The task. Scan the data below and pick out the lines containing the word "blocks".

Items listed in a dataset.
------------------------------------------------------------

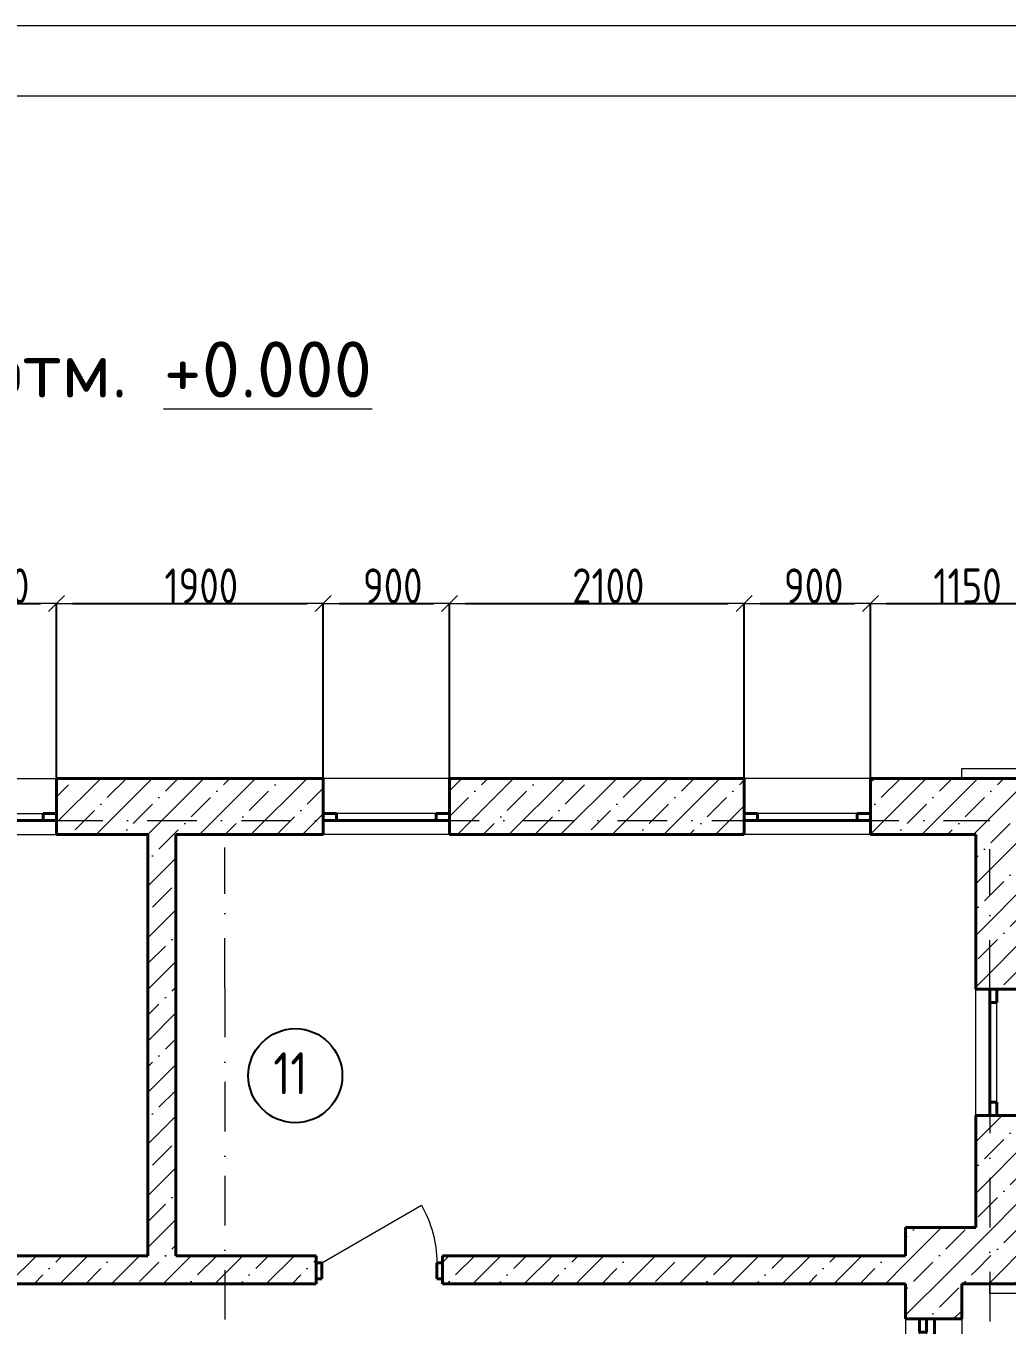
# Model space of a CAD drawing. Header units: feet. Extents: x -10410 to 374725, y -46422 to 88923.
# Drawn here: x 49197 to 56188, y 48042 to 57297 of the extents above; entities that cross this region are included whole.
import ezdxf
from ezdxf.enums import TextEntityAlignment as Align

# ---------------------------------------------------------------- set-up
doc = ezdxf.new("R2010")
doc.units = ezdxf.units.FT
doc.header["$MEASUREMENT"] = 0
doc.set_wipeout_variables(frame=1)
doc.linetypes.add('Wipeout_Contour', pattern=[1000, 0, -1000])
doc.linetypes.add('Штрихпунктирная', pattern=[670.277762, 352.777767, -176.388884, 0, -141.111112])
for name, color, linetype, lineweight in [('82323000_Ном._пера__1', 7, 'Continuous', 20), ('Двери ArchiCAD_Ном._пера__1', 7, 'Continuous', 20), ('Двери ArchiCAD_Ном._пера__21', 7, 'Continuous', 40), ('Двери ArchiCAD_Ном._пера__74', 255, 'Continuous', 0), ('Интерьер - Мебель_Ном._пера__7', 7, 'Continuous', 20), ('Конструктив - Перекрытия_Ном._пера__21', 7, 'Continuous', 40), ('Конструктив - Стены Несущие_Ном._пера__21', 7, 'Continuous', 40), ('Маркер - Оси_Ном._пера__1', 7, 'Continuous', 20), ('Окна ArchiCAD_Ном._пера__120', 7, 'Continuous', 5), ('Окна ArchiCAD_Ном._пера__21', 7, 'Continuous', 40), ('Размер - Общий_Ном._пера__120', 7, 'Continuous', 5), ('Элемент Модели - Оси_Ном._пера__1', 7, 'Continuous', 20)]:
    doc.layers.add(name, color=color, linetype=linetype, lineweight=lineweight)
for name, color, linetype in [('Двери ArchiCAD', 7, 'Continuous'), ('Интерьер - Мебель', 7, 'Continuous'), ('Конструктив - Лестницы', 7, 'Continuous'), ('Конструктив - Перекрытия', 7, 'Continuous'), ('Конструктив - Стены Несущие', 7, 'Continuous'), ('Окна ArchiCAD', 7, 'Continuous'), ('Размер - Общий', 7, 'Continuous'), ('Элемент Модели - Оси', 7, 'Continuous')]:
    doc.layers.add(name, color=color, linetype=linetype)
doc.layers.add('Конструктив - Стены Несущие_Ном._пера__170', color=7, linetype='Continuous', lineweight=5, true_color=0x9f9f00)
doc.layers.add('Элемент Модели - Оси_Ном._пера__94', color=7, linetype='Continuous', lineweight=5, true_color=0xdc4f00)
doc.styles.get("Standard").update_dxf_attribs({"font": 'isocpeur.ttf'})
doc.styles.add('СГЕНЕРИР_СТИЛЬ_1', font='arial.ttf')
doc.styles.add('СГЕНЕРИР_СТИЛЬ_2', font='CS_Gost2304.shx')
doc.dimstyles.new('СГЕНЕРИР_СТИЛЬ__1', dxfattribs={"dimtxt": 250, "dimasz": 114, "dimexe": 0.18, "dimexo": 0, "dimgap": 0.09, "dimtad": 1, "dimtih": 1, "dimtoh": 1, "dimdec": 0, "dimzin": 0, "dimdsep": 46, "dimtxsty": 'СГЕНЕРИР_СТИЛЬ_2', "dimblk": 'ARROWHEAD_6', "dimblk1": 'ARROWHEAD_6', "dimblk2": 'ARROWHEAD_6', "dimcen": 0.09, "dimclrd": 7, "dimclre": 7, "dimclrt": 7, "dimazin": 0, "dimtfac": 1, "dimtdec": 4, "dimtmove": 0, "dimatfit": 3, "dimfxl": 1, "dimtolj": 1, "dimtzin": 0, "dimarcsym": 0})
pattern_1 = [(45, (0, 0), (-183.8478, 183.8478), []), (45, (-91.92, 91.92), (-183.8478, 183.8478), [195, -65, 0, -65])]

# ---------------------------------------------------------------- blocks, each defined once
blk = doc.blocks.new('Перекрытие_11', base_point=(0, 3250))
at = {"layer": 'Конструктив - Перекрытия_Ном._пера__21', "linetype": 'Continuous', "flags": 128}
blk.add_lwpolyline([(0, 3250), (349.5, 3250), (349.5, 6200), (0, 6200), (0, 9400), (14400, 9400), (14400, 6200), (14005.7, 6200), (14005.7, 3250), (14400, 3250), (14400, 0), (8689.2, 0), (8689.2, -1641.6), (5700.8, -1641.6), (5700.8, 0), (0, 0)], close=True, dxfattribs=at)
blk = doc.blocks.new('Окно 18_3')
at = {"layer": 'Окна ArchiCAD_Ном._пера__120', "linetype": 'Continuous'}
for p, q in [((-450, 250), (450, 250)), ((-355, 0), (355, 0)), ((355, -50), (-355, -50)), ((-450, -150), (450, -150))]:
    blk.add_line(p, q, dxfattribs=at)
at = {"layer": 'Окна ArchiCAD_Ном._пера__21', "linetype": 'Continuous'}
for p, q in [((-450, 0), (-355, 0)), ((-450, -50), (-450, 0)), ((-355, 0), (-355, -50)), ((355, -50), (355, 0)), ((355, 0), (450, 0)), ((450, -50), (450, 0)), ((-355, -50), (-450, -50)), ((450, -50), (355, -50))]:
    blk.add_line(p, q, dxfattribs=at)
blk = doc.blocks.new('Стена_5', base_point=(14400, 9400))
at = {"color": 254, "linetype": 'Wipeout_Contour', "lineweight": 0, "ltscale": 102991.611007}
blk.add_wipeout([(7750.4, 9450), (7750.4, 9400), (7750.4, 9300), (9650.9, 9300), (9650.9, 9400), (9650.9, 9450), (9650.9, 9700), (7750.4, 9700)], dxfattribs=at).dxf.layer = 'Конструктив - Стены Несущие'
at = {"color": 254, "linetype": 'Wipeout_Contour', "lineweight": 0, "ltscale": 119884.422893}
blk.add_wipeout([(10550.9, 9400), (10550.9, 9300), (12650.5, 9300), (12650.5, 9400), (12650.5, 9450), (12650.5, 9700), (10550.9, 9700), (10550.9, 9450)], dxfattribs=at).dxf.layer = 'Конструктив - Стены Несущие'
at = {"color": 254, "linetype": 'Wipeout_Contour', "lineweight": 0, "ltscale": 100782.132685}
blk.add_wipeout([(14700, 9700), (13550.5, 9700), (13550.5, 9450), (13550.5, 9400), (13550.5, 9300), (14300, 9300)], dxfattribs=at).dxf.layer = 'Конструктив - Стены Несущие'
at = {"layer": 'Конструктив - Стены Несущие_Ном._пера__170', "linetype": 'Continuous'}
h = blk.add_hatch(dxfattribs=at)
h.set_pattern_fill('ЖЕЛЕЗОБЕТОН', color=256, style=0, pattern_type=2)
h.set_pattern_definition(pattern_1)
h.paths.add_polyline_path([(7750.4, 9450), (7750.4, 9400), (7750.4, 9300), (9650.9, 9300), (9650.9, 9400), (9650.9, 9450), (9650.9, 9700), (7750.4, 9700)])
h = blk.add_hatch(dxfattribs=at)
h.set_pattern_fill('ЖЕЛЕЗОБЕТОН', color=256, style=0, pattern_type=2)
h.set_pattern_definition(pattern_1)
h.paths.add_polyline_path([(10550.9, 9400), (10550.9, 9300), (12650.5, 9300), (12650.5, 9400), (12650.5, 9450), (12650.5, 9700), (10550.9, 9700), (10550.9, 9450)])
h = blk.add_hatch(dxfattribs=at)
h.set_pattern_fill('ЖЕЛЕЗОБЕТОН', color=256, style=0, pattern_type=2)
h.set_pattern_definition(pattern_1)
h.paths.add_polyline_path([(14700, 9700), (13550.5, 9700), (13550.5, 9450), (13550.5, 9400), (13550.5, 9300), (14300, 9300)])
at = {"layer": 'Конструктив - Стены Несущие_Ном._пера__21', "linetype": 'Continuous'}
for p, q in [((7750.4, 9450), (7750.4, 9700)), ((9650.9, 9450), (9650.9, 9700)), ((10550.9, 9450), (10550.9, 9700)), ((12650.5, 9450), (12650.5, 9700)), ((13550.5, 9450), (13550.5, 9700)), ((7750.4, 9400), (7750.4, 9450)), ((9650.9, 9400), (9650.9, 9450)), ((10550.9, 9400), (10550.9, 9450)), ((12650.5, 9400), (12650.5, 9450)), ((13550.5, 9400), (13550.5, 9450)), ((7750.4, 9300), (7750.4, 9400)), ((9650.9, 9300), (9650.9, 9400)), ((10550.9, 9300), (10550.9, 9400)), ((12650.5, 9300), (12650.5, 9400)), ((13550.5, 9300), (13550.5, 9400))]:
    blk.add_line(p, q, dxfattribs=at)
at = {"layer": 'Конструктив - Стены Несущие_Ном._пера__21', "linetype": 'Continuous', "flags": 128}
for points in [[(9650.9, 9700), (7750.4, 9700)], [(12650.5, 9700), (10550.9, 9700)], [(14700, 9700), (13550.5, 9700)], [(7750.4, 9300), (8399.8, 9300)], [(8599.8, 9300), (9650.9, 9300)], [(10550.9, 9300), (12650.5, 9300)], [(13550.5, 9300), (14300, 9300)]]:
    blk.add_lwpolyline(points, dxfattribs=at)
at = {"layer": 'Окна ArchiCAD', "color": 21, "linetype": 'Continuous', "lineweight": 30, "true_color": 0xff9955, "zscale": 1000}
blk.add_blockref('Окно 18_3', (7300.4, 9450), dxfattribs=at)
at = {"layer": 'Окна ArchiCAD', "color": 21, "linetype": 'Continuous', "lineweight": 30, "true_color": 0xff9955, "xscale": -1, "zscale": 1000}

------------------------------------------------------------

Task answer.
# ---------------------------------------------------------------- blocks, each defined once
blk = doc.blocks.new('Перекрытие_11', base_point=(0, 3250))
blk = doc.blocks.new('Окно 18_3')
blk = doc.blocks.new('Стена_5', base_point=(14400, 9400))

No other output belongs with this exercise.